You can build your own portfolio and get diversification by spreading your money across various loans.
Instead of loaning your $1,000 to one single person, you might loan $50 to 20 different borrowers.
You can also lend to people in different rating categories. You might have 35% of your investment in AA loans, another 35% in B loans and then 30% in higher-risk D loans.
By spreading your investment, you're minimizing the risk. So, if some of your loans default, and it's highly likely that a couple will, you won't lose all of your principle.
The idea is that the losses you suffer in the higher-risk categories will be offset by the more reliable payments in the low-risk categories.
Lenders have pointed out this downside: Borrowers with the highest credit rating often pay off their loans early.
So, while you may have had a pool of 36-month notes earning 6.6%, half of them could end up paying it off in a year, dragging down your total return by a few points.
When a loan is paid off early, you'll have to roll your investment into a new loan if you want to keep earning interest.
Be aware that there are some minimum requirements before you can invest.
At both sites you must be 18 years of age and have a valid Social Security number and checking or savings bank account. The minimum investment to open an account is $25.
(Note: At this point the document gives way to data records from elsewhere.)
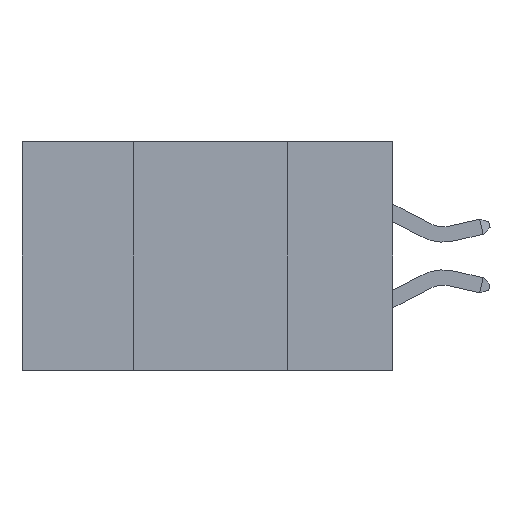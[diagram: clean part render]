
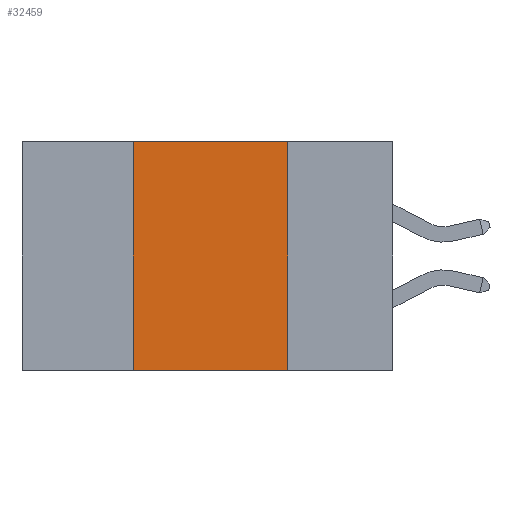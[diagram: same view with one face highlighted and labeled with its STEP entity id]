
A CAD part, left-side view. The second image highlights one B-rep face of the part: STEP entity #32459.
In plain terms, the highlighted planar face has unit normal (-1, 0, 0).
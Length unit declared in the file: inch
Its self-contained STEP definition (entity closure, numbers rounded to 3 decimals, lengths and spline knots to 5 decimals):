
#183 = VECTOR ( 'NONE', #4973, 39.37008 ) ;
#1870 = AXIS2_PLACEMENT_3D ( 'NONE', #11239, #21682, #23926 ) ;
#2323 = VERTEX_POINT ( 'NONE', #29792 ) ;
#3386 = VERTEX_POINT ( 'NONE', #23259 ) ;
#4441 = VERTEX_POINT ( 'NONE', #24328 ) ;
#4973 = DIRECTION ( 'NONE',  ( 0., -1., 0. ) ) ;
#5333 = CARTESIAN_POINT ( 'NONE',  ( 0., 0.17, 0. ) ) ;
#5601 = FACE_OUTER_BOUND ( 'NONE', #10790, .T. ) ;
#5716 = ORIENTED_EDGE ( 'NONE', *, *, #24169, .T. ) ;
#6932 = ORIENTED_EDGE ( 'NONE', *, *, #31834, .F. ) ;
#10790 = EDGE_LOOP ( 'NONE', ( #27018, #6932, #26611, #5716 ) ) ;
#11239 = CARTESIAN_POINT ( 'NONE',  ( 0., 0.6, 0. ) ) ;
#11320 = VERTEX_POINT ( 'NONE', #30307 ) ;
#11632 = DIRECTION ( 'NONE',  ( 0., 0., -1. ) ) ;
#12595 = EDGE_CURVE ( 'NONE', #11320, #4441, #16377, .T. ) ;
#12731 = CARTESIAN_POINT ( 'NONE',  ( 0., 0.6, -0.37 ) ) ;
#12864 = LINE ( 'NONE', #5333, #29185 ) ;
#13488 = PLANE ( 'NONE',  #1870 ) ;
#13791 = VECTOR ( 'NONE', #32086, 39.37008 ) ;
#16377 = LINE ( 'NONE', #31920, #13791 ) ;
#17119 = VECTOR ( 'NONE', #17192, 39.37008 ) ;
#17192 = DIRECTION ( 'NONE',  ( 0., -1., 0. ) ) ;
#21682 = DIRECTION ( 'NONE',  ( 1., 0., 0. ) ) ;
#22818 = LINE ( 'NONE', #12731, #17119 ) ;
#23259 = CARTESIAN_POINT ( 'NONE',  ( 0., 0.17, 0. ) ) ;
#23926 = DIRECTION ( 'NONE',  ( 0., 0., -1. ) ) ;
#24169 = EDGE_CURVE ( 'NONE', #11320, #2323, #22818, .T. ) ;
#24328 = CARTESIAN_POINT ( 'NONE',  ( 0., 0.42, 0. ) ) ;
#26016 = CARTESIAN_POINT ( 'NONE',  ( 0., 0.6, 0. ) ) ;
#26019 = EDGE_CURVE ( 'NONE', #3386, #2323, #12864, .T. ) ;
#26611 = ORIENTED_EDGE ( 'NONE', *, *, #12595, .F. ) ;
#27018 = ORIENTED_EDGE ( 'NONE', *, *, #26019, .F. ) ;
#29185 = VECTOR ( 'NONE', #11632, 39.37008 ) ;
#29792 = CARTESIAN_POINT ( 'NONE',  ( 0., 0.17, -0.37 ) ) ;
#30307 = CARTESIAN_POINT ( 'NONE',  ( 0., 0.42, -0.37 ) ) ;
#30785 = LINE ( 'NONE', #26016, #183 ) ;
#31834 = EDGE_CURVE ( 'NONE', #4441, #3386, #30785, .T. ) ;
#31920 = CARTESIAN_POINT ( 'NONE',  ( 0., 0.42, 0. ) ) ;
#32086 = DIRECTION ( 'NONE',  ( 0., 0., 1. ) ) ;
#32459 = ADVANCED_FACE ( 'NONE', ( #5601 ), #13488, .F. ) ;
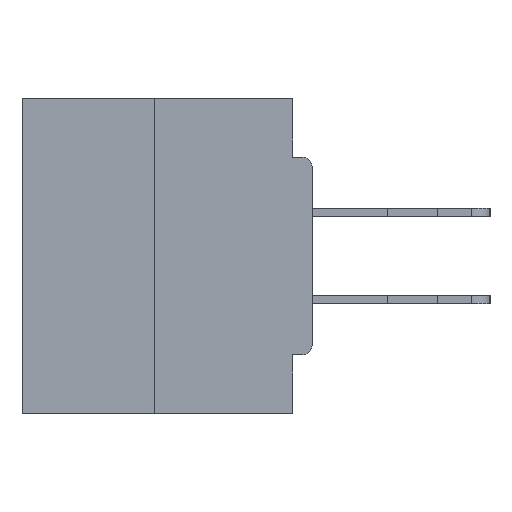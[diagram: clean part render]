
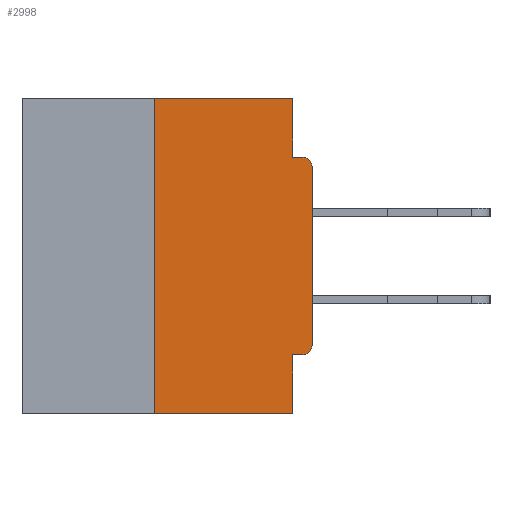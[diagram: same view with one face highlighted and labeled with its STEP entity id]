
A CAD part, left-side view. The second image highlights one B-rep face of the part: STEP entity #2998.
In plain terms, the highlighted planar face has unit normal (-1, 0, 0).
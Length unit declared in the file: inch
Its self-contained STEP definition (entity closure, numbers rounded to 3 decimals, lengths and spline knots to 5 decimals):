
#61 = CARTESIAN_POINT ( 'NONE',  ( 0., 0.031, -0.0935 ) ) ;
#198 = ORIENTED_EDGE ( 'NONE', *, *, #21381, .F. ) ;
#1910 = ORIENTED_EDGE ( 'NONE', *, *, #21541, .T. ) ;
#2139 = LINE ( 'NONE', #15240, #13879 ) ;
#2202 = CARTESIAN_POINT ( 'NONE',  ( 0., 0., -0.3915 ) ) ;
#2998 = ADVANCED_FACE ( 'NONE', ( #33886 ), #28678, .F. ) ;
#2999 = VERTEX_POINT ( 'NONE', #2202 ) ;
#4221 = VERTEX_POINT ( 'NONE', #5402 ) ;
#4818 = VECTOR ( 'NONE', #24513, 39.37008 ) ;
#5402 = CARTESIAN_POINT ( 'NONE',  ( 0., 0.031, 0. ) ) ;
#5867 = LINE ( 'NONE', #21909, #4818 ) ;
#5900 = EDGE_CURVE ( 'NONE', #14894, #4221, #13910, .T. ) ;
#7482 = AXIS2_PLACEMENT_3D ( 'NONE', #19516, #25424, #14452 ) ;
#7999 = EDGE_CURVE ( 'NONE', #21835, #26868, #17505, .T. ) ;
#8887 = DIRECTION ( 'NONE',  ( 0., 0., 1. ) ) ;
#9218 = CARTESIAN_POINT ( 'NONE',  ( 0., 0.031, -0.5 ) ) ;
#9480 = CARTESIAN_POINT ( 'NONE',  ( 0., 0., -0.0935 ) ) ;
#9658 = DIRECTION ( 'NONE',  ( 0., -1., 0. ) ) ;
#10159 = VERTEX_POINT ( 'NONE', #26664 ) ;
#10804 = VERTEX_POINT ( 'NONE', #31055 ) ;
#10942 = EDGE_CURVE ( 'NONE', #2999, #28509, #13145, .T. ) ;
#11434 = ORIENTED_EDGE ( 'NONE', *, *, #7999, .F. ) ;
#11823 = CARTESIAN_POINT ( 'NONE',  ( 0., 0.015, -0.4065 ) ) ;
#11928 = AXIS2_PLACEMENT_3D ( 'NONE', #31629, #26433, #31282 ) ;
#11966 = EDGE_CURVE ( 'NONE', #4221, #21835, #2139, .T. ) ;
#12262 = DIRECTION ( 'NONE',  ( 0., 0., -1. ) ) ;
#12431 = VECTOR ( 'NONE', #26135, 39.37008 ) ;
#12549 = LINE ( 'NONE', #25446, #12431 ) ;
#13145 = LINE ( 'NONE', #28792, #23357 ) ;
#13666 = CARTESIAN_POINT ( 'NONE',  ( 0., 0.015, -0.0935 ) ) ;
#13879 = VECTOR ( 'NONE', #12262, 39.37008 ) ;
#13910 = LINE ( 'NONE', #18959, #21824 ) ;
#14253 = DIRECTION ( 'NONE',  ( 0., 0., -1. ) ) ;
#14452 = DIRECTION ( 'NONE',  ( 0., 0., -1. ) ) ;
#14894 = VERTEX_POINT ( 'NONE', #32072 ) ;
#14914 = ORIENTED_EDGE ( 'NONE', *, *, #10942, .T. ) ;
#15240 = CARTESIAN_POINT ( 'NONE',  ( 0., 0.031, 0. ) ) ;
#15861 = EDGE_CURVE ( 'NONE', #31970, #10159, #33052, .T. ) ;
#16875 = ORIENTED_EDGE ( 'NONE', *, *, #18619, .F. ) ;
#17033 = DIRECTION ( 'NONE',  ( -1., 0., 0. ) ) ;
#17505 = LINE ( 'NONE', #9480, #30495 ) ;
#17687 = CARTESIAN_POINT ( 'NONE',  ( 0., 0.031, -0.4065 ) ) ;
#17743 = ORIENTED_EDGE ( 'NONE', *, *, #15861, .F. ) ;
#18145 = ORIENTED_EDGE ( 'NONE', *, *, #27863, .T. ) ;
#18559 = CARTESIAN_POINT ( 'NONE',  ( 0., 0., -0.1085 ) ) ;
#18619 = EDGE_CURVE ( 'NONE', #22402, #31970, #5867, .T. ) ;
#18959 = CARTESIAN_POINT ( 'NONE',  ( 0., 0.46, 0. ) ) ;
#19516 = CARTESIAN_POINT ( 'NONE',  ( 0., 0.015, -0.3915 ) ) ;
#21381 = EDGE_CURVE ( 'NONE', #10804, #14894, #24931, .T. ) ;
#21541 = EDGE_CURVE ( 'NONE', #10804, #10159, #12549, .T. ) ;
#21824 = VECTOR ( 'NONE', #24533, 39.37008 ) ;
#21835 = VERTEX_POINT ( 'NONE', #61 ) ;
#21909 = CARTESIAN_POINT ( 'NONE',  ( 0., 0., -0.4065 ) ) ;
#21967 = ORIENTED_EDGE ( 'NONE', *, *, #27479, .T. ) ;
#22402 = VERTEX_POINT ( 'NONE', #11823 ) ;
#22440 = CARTESIAN_POINT ( 'NONE',  ( 0., 0.015, -0.1085 ) ) ;
#23020 = ORIENTED_EDGE ( 'NONE', *, *, #11966, .F. ) ;
#23357 = VECTOR ( 'NONE', #23782, 39.37008 ) ;
#23726 = EDGE_LOOP ( 'NONE', ( #27872, #198, #1910, #17743, #16875, #21967, #14914, #18145, #11434, #23020 ) ) ;
#23782 = DIRECTION ( 'NONE',  ( 0., 0., 1. ) ) ;
#24213 = CIRCLE ( 'NONE', #25874, 0.015 ) ;
#24513 = DIRECTION ( 'NONE',  ( 0., 1., 0. ) ) ;
#24533 = DIRECTION ( 'NONE',  ( 0., -1., 0. ) ) ;
#24931 = LINE ( 'NONE', #32732, #27995 ) ;
#25424 = DIRECTION ( 'NONE',  ( -1., 0., 0. ) ) ;
#25446 = CARTESIAN_POINT ( 'NONE',  ( 0., 0.46, -0.5 ) ) ;
#25874 = AXIS2_PLACEMENT_3D ( 'NONE', #22440, #17033, #14253 ) ;
#26135 = DIRECTION ( 'NONE',  ( 0., -1., 0. ) ) ;
#26433 = DIRECTION ( 'NONE',  ( 1., 0., 0. ) ) ;
#26664 = CARTESIAN_POINT ( 'NONE',  ( 0., 0.031, -0.5 ) ) ;
#26868 = VERTEX_POINT ( 'NONE', #13666 ) ;
#27479 = EDGE_CURVE ( 'NONE', #22402, #2999, #33027, .T. ) ;
#27863 = EDGE_CURVE ( 'NONE', #28509, #26868, #24213, .T. ) ;
#27872 = ORIENTED_EDGE ( 'NONE', *, *, #5900, .F. ) ;
#27995 = VECTOR ( 'NONE', #8887, 39.37008 ) ;
#28509 = VERTEX_POINT ( 'NONE', #18559 ) ;
#28678 = PLANE ( 'NONE',  #11928 ) ;
#28792 = CARTESIAN_POINT ( 'NONE',  ( 0., 0., 0. ) ) ;
#30445 = DIRECTION ( 'NONE',  ( 0., 0., -1. ) ) ;
#30495 = VECTOR ( 'NONE', #9658, 39.37008 ) ;
#31055 = CARTESIAN_POINT ( 'NONE',  ( 0., 0.25, -0.5 ) ) ;
#31282 = DIRECTION ( 'NONE',  ( 0., 0., -1. ) ) ;
#31629 = CARTESIAN_POINT ( 'NONE',  ( 0., 0.46, 0. ) ) ;
#31970 = VERTEX_POINT ( 'NONE', #17687 ) ;
#32072 = CARTESIAN_POINT ( 'NONE',  ( 0., 0.25, 0. ) ) ;
#32732 = CARTESIAN_POINT ( 'NONE',  ( 0., 0.25, 0. ) ) ;
#33027 = CIRCLE ( 'NONE', #7482, 0.015 ) ;
#33052 = LINE ( 'NONE', #9218, #33542 ) ;
#33542 = VECTOR ( 'NONE', #30445, 39.37008 ) ;
#33886 = FACE_OUTER_BOUND ( 'NONE', #23726, .T. ) ;
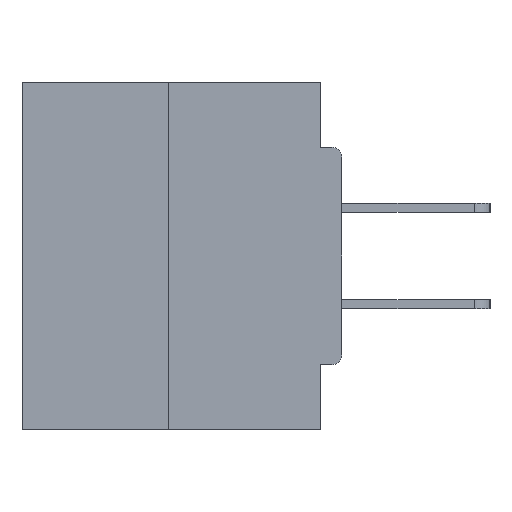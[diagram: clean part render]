
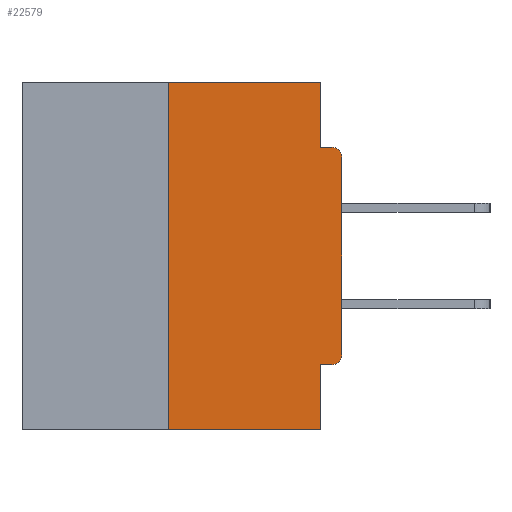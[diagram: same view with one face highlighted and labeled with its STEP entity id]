
A CAD part, left-side view. The second image highlights one B-rep face of the part: STEP entity #22579.
In plain terms, the highlighted planar face has unit normal (-1, 0, 0).
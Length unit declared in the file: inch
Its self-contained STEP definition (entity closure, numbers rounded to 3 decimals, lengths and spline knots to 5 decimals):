
#28 = VERTEX_POINT ( 'NONE', #10115 ) ;
#271 = CIRCLE ( 'NONE', #6831, 0.015 ) ;
#455 = CARTESIAN_POINT ( 'NONE',  ( 0., 0.25, 0. ) ) ;
#586 = LINE ( 'NONE', #16738, #10185 ) ;
#624 = LINE ( 'NONE', #15821, #3723 ) ;
#1088 = VECTOR ( 'NONE', #33712, 39.37008 ) ;
#1664 = DIRECTION ( 'NONE',  ( 0., 0., -1. ) ) ;
#3723 = VECTOR ( 'NONE', #32539, 39.37008 ) ;
#3991 = DIRECTION ( 'NONE',  ( 0., 0., -1. ) ) ;
#4147 = VECTOR ( 'NONE', #26970, 39.37008 ) ;
#4642 = VERTEX_POINT ( 'NONE', #32341 ) ;
#5329 = ORIENTED_EDGE ( 'NONE', *, *, #17129, .F. ) ;
#6024 = ORIENTED_EDGE ( 'NONE', *, *, #30341, .T. ) ;
#6060 = CARTESIAN_POINT ( 'NONE',  ( 0., 0., -0.3915 ) ) ;
#6831 = AXIS2_PLACEMENT_3D ( 'NONE', #24901, #30922, #22112 ) ;
#7341 = FACE_OUTER_BOUND ( 'NONE', #20970, .T. ) ;
#7708 = VERTEX_POINT ( 'NONE', #9526 ) ;
#7740 = VECTOR ( 'NONE', #26977, 39.37008 ) ;
#8078 = VERTEX_POINT ( 'NONE', #455 ) ;
#8243 = DIRECTION ( 'NONE',  ( 0., -1., 0. ) ) ;
#8700 = CARTESIAN_POINT ( 'NONE',  ( 0., 0., -0.1085 ) ) ;
#8910 = ORIENTED_EDGE ( 'NONE', *, *, #15175, .T. ) ;
#9315 = CIRCLE ( 'NONE', #28065, 0.015 ) ;
#9526 = CARTESIAN_POINT ( 'NONE',  ( 0., 0.015, -0.4065 ) ) ;
#9686 = PLANE ( 'NONE',  #17056 ) ;
#9967 = CARTESIAN_POINT ( 'NONE',  ( 0., 0.015, -0.1085 ) ) ;
#10115 = CARTESIAN_POINT ( 'NONE',  ( 0., 0.031, 0. ) ) ;
#10185 = VECTOR ( 'NONE', #8243, 39.37008 ) ;
#10742 = VERTEX_POINT ( 'NONE', #8700 ) ;
#11390 = DIRECTION ( 'NONE',  ( 0., 0., 1. ) ) ;
#11979 = CARTESIAN_POINT ( 'NONE',  ( 0., 0.031, -0.0935 ) ) ;
#13224 = LINE ( 'NONE', #34855, #4147 ) ;
#13262 = LINE ( 'NONE', #34938, #30162 ) ;
#13357 = ORIENTED_EDGE ( 'NONE', *, *, #18522, .F. ) ;
#15175 = EDGE_CURVE ( 'NONE', #22401, #18271, #586, .T. ) ;
#15498 = EDGE_CURVE ( 'NONE', #26729, #10742, #33589, .T. ) ;
#15821 = CARTESIAN_POINT ( 'NONE',  ( 0., 0.25, 0. ) ) ;
#15923 = ORIENTED_EDGE ( 'NONE', *, *, #31434, .F. ) ;
#16612 = VERTEX_POINT ( 'NONE', #21826 ) ;
#16738 = CARTESIAN_POINT ( 'NONE',  ( 0., 0.46, -0.5 ) ) ;
#17056 = AXIS2_PLACEMENT_3D ( 'NONE', #23418, #29072, #3991 ) ;
#17129 = EDGE_CURVE ( 'NONE', #28, #29107, #31152, .T. ) ;
#17936 = ORIENTED_EDGE ( 'NONE', *, *, #15498, .T. ) ;
#18197 = DIRECTION ( 'NONE',  ( -1., 0., 0. ) ) ;
#18271 = VERTEX_POINT ( 'NONE', #20595 ) ;
#18380 = EDGE_CURVE ( 'NONE', #29107, #16612, #13262, .T. ) ;
#18522 = EDGE_CURVE ( 'NONE', #7708, #4642, #23302, .T. ) ;
#18637 = EDGE_CURVE ( 'NONE', #4642, #18271, #13224, .T. ) ;
#19080 = DIRECTION ( 'NONE',  ( 0., -1., 0. ) ) ;
#19652 = CARTESIAN_POINT ( 'NONE',  ( 0., 0., 0. ) ) ;
#20595 = CARTESIAN_POINT ( 'NONE',  ( 0., 0.031, -0.5 ) ) ;
#20970 = EDGE_LOOP ( 'NONE', ( #22923, #15923, #8910, #21476, #13357, #6024, #17936, #33260, #35046, #5329 ) ) ;
#21476 = ORIENTED_EDGE ( 'NONE', *, *, #18637, .F. ) ;
#21826 = CARTESIAN_POINT ( 'NONE',  ( 0., 0.015, -0.0935 ) ) ;
#22112 = DIRECTION ( 'NONE',  ( 0., 0., -1. ) ) ;
#22401 = VERTEX_POINT ( 'NONE', #32268 ) ;
#22579 = ADVANCED_FACE ( 'NONE', ( #7341 ), #9686, .F. ) ;
#22923 = ORIENTED_EDGE ( 'NONE', *, *, #23442, .F. ) ;
#23302 = LINE ( 'NONE', #25599, #1088 ) ;
#23418 = CARTESIAN_POINT ( 'NONE',  ( 0., 0.46, 0. ) ) ;
#23442 = EDGE_CURVE ( 'NONE', #8078, #28, #31562, .T. ) ;
#23587 = DIRECTION ( 'NONE',  ( 0., -1., 0. ) ) ;
#24901 = CARTESIAN_POINT ( 'NONE',  ( 0., 0.015, -0.3915 ) ) ;
#24915 = CARTESIAN_POINT ( 'NONE',  ( 0., 0.46, 0. ) ) ;
#25189 = EDGE_CURVE ( 'NONE', #10742, #16612, #9315, .T. ) ;
#25533 = VECTOR ( 'NONE', #19080, 39.37008 ) ;
#25599 = CARTESIAN_POINT ( 'NONE',  ( 0., 0., -0.4065 ) ) ;
#25777 = VECTOR ( 'NONE', #11390, 39.37008 ) ;
#26729 = VERTEX_POINT ( 'NONE', #6060 ) ;
#26970 = DIRECTION ( 'NONE',  ( 0., 0., -1. ) ) ;
#26977 = DIRECTION ( 'NONE',  ( 0., 0., -1. ) ) ;
#28065 = AXIS2_PLACEMENT_3D ( 'NONE', #9967, #18197, #1664 ) ;
#29072 = DIRECTION ( 'NONE',  ( 1., 0., 0. ) ) ;
#29107 = VERTEX_POINT ( 'NONE', #11979 ) ;
#30162 = VECTOR ( 'NONE', #23587, 39.37008 ) ;
#30341 = EDGE_CURVE ( 'NONE', #7708, #26729, #271, .T. ) ;
#30922 = DIRECTION ( 'NONE',  ( -1., 0., 0. ) ) ;
#31152 = LINE ( 'NONE', #32297, #7740 ) ;
#31434 = EDGE_CURVE ( 'NONE', #22401, #8078, #624, .T. ) ;
#31562 = LINE ( 'NONE', #24915, #25533 ) ;
#32268 = CARTESIAN_POINT ( 'NONE',  ( 0., 0.25, -0.5 ) ) ;
#32297 = CARTESIAN_POINT ( 'NONE',  ( 0., 0.031, 0. ) ) ;
#32341 = CARTESIAN_POINT ( 'NONE',  ( 0., 0.031, -0.4065 ) ) ;
#32539 = DIRECTION ( 'NONE',  ( 0., 0., 1. ) ) ;
#33260 = ORIENTED_EDGE ( 'NONE', *, *, #25189, .T. ) ;
#33589 = LINE ( 'NONE', #19652, #25777 ) ;
#33712 = DIRECTION ( 'NONE',  ( 0., 1., 0. ) ) ;
#34855 = CARTESIAN_POINT ( 'NONE',  ( 0., 0.031, -0.5 ) ) ;
#34938 = CARTESIAN_POINT ( 'NONE',  ( 0., 0., -0.0935 ) ) ;
#35046 = ORIENTED_EDGE ( 'NONE', *, *, #18380, .F. ) ;

Lending Club has "State and Financial Suitability" conditions. You must reside in one of the 28 states where peer-to-peer lending is legal, have a gross annual income of at least $70,000 and a net worth (not including your home) of at least $70,000.
You may also not purchase notes in an amount in excess of 10% of your net worth.
Requirements at Prosper are similar.
There are still 22 states (including Texas, Ohio and North Carolina) where regulations do not allow residents to invest through these loan marketplaces. Both Prosper and Lending Club say they're working with these states to win approval.
Investors do not pay a fee to sign up at either site, but both charge a 1% loan service fee on all amounts paid by the borrowers to the organization.
The best thing is that if you get skittish or want your money back, you can liquidate your investment.
Both sites have trading platforms where you can sell your notes at any time for a 1% transaction fee. You'll likely have to price your note competitively to make it move, but it still offers you a way to get most of your principle back.
The trading platforms also offer an option to buy existing notes, some of which could be good deals and suitable risks.
For example, you might be able to buy a 36-month note that is in its 17th month. You can view the payment history.
If you see that the person has made all of the payments and you have the chance to earn 8%, you might feel comfortable buying the note.
It's a shame that we have to consider risky investments like peer-to-peer lending just to earn a reasonable return on our savings.
But every option has to be on the table when even the best 5-year CDs are only paying 2%.